Exercise goal -> Go through the entries below from the first line and output each one exactly, up to and including the line with "circle A1 centre (0, 0) radius 35".
>>>>
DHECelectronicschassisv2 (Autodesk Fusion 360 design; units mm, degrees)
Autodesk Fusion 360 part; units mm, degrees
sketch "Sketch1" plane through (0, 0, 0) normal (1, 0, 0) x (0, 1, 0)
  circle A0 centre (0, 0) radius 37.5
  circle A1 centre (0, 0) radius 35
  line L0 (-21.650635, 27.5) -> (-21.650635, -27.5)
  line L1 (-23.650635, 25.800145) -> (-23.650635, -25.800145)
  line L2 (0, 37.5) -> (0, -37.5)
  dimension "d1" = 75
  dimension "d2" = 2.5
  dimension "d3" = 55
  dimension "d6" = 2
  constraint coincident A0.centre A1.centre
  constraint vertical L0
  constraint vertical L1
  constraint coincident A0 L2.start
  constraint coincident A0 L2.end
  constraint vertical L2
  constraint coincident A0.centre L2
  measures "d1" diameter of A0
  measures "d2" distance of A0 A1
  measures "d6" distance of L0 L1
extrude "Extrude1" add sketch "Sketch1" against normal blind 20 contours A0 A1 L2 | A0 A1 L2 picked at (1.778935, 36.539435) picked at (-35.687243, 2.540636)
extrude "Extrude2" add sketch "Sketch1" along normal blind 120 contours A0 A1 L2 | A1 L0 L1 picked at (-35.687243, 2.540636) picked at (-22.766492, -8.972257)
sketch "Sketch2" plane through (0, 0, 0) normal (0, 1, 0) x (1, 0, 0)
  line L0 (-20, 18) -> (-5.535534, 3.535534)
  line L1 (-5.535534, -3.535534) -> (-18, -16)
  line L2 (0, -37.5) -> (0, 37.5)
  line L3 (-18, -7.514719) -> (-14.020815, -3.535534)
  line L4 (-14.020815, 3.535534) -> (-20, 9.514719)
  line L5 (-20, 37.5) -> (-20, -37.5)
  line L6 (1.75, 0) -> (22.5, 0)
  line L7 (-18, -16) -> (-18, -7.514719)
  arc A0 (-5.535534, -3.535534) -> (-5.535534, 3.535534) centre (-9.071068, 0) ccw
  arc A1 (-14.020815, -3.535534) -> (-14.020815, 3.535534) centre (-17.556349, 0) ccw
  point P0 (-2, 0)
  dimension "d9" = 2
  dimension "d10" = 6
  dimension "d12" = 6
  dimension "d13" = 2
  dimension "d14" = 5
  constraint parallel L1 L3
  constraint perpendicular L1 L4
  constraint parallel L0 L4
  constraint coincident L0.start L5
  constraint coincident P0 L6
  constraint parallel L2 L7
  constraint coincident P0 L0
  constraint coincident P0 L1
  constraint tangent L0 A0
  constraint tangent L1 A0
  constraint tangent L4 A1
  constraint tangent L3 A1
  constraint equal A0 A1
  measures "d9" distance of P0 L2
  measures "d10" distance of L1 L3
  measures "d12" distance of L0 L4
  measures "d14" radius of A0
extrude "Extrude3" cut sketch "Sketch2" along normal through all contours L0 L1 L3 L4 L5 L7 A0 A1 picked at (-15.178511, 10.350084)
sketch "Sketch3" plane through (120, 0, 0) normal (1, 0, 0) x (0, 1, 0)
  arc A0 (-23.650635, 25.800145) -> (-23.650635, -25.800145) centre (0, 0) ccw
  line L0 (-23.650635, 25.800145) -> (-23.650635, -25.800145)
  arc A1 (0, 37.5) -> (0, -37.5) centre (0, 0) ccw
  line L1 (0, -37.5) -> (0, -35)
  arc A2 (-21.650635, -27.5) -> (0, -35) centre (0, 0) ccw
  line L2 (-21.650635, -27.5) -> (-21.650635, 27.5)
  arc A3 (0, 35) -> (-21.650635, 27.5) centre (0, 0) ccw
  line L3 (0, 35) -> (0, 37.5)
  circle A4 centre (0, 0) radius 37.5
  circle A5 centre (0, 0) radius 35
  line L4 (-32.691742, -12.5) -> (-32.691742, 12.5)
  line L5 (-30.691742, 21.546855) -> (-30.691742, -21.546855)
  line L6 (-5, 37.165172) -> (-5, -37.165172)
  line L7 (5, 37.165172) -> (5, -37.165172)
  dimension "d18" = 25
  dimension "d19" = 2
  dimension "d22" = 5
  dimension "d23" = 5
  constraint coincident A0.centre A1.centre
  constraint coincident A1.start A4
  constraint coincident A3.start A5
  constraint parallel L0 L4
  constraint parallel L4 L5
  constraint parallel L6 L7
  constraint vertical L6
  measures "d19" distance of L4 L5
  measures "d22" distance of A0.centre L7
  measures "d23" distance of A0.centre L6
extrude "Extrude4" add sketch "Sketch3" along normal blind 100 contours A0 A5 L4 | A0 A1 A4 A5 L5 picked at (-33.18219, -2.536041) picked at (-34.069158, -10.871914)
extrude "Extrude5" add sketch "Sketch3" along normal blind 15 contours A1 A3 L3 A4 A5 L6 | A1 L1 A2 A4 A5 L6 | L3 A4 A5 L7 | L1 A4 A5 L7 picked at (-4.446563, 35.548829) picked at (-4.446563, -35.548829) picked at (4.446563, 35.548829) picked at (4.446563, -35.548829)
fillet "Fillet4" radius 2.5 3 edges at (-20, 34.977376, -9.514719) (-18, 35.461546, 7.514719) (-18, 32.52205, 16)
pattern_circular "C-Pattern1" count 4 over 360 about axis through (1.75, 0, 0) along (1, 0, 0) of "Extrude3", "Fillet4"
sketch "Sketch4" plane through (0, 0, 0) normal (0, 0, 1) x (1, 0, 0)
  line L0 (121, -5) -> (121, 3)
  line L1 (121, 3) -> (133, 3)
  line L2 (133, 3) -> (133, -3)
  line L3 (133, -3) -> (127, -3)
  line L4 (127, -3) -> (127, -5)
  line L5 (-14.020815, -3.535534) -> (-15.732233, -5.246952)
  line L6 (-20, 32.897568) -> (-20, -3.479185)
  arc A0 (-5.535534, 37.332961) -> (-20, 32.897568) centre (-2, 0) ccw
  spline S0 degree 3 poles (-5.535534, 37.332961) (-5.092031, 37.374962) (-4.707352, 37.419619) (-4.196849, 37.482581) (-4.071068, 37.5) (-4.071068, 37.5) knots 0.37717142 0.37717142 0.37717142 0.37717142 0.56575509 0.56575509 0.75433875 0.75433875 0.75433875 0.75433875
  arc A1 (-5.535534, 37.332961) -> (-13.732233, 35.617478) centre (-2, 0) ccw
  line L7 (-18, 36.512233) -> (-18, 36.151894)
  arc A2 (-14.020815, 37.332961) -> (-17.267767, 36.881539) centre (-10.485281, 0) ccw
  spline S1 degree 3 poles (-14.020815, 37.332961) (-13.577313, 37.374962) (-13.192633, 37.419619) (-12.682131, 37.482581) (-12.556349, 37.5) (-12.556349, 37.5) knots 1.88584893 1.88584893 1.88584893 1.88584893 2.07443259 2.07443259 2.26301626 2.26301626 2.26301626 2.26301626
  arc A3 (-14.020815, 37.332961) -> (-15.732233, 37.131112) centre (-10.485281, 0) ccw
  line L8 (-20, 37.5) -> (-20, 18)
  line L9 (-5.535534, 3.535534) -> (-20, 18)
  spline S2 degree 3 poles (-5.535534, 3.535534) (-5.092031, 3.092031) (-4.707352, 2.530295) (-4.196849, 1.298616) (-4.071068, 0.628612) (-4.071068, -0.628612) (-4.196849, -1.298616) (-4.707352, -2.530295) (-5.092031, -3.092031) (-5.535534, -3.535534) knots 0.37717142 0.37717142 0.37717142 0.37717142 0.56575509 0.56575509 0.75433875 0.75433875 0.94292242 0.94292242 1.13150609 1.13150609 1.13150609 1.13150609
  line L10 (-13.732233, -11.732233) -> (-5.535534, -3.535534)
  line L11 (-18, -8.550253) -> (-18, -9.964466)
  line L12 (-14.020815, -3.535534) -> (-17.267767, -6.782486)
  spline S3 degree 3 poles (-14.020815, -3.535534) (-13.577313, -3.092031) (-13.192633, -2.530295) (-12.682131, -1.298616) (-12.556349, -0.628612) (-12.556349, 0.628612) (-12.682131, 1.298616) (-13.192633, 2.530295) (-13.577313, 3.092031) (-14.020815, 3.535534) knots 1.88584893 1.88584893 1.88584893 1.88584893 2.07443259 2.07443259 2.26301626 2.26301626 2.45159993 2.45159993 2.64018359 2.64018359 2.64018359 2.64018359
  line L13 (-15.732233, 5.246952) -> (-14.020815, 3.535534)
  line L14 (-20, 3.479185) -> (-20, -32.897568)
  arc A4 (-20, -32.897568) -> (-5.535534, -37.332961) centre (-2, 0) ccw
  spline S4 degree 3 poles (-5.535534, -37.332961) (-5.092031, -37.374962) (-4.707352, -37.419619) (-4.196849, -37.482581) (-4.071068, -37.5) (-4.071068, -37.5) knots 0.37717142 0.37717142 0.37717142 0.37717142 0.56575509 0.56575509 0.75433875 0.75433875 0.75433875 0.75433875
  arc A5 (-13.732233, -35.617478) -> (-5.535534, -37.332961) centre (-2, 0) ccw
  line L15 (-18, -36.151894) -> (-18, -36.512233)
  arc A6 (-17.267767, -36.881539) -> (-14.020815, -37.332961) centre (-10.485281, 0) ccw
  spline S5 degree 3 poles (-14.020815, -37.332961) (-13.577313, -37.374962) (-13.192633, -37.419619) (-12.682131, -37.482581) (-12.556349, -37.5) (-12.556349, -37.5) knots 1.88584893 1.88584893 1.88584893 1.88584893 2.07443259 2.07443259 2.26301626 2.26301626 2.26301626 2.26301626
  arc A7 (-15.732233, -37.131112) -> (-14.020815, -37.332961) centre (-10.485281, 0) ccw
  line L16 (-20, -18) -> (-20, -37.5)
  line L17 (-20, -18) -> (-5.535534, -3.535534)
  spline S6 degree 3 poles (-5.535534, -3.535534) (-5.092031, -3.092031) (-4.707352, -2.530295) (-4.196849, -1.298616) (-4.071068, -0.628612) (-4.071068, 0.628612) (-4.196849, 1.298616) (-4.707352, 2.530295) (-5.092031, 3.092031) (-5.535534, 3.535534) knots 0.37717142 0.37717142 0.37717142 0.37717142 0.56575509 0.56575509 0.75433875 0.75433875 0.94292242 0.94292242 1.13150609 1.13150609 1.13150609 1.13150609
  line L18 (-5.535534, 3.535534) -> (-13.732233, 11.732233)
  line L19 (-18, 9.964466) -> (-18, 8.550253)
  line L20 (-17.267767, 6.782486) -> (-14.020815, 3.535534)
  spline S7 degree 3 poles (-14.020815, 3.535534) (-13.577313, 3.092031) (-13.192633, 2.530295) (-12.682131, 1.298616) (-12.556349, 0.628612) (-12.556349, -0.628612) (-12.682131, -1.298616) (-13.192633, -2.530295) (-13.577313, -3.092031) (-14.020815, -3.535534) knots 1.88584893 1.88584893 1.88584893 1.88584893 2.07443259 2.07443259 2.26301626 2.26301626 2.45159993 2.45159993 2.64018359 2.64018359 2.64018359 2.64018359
<<<<
Exercise output ->
DHECelectronicschassisv2 (Autodesk Fusion 360 design; units mm, degrees)
Autodesk Fusion 360 part; units mm, degrees
sketch "Sketch1" plane through (0, 0, 0) normal (1, 0, 0) x (0, 1, 0)
  circle A0 centre (0, 0) radius 37.5
  circle A1 centre (0, 0) radius 35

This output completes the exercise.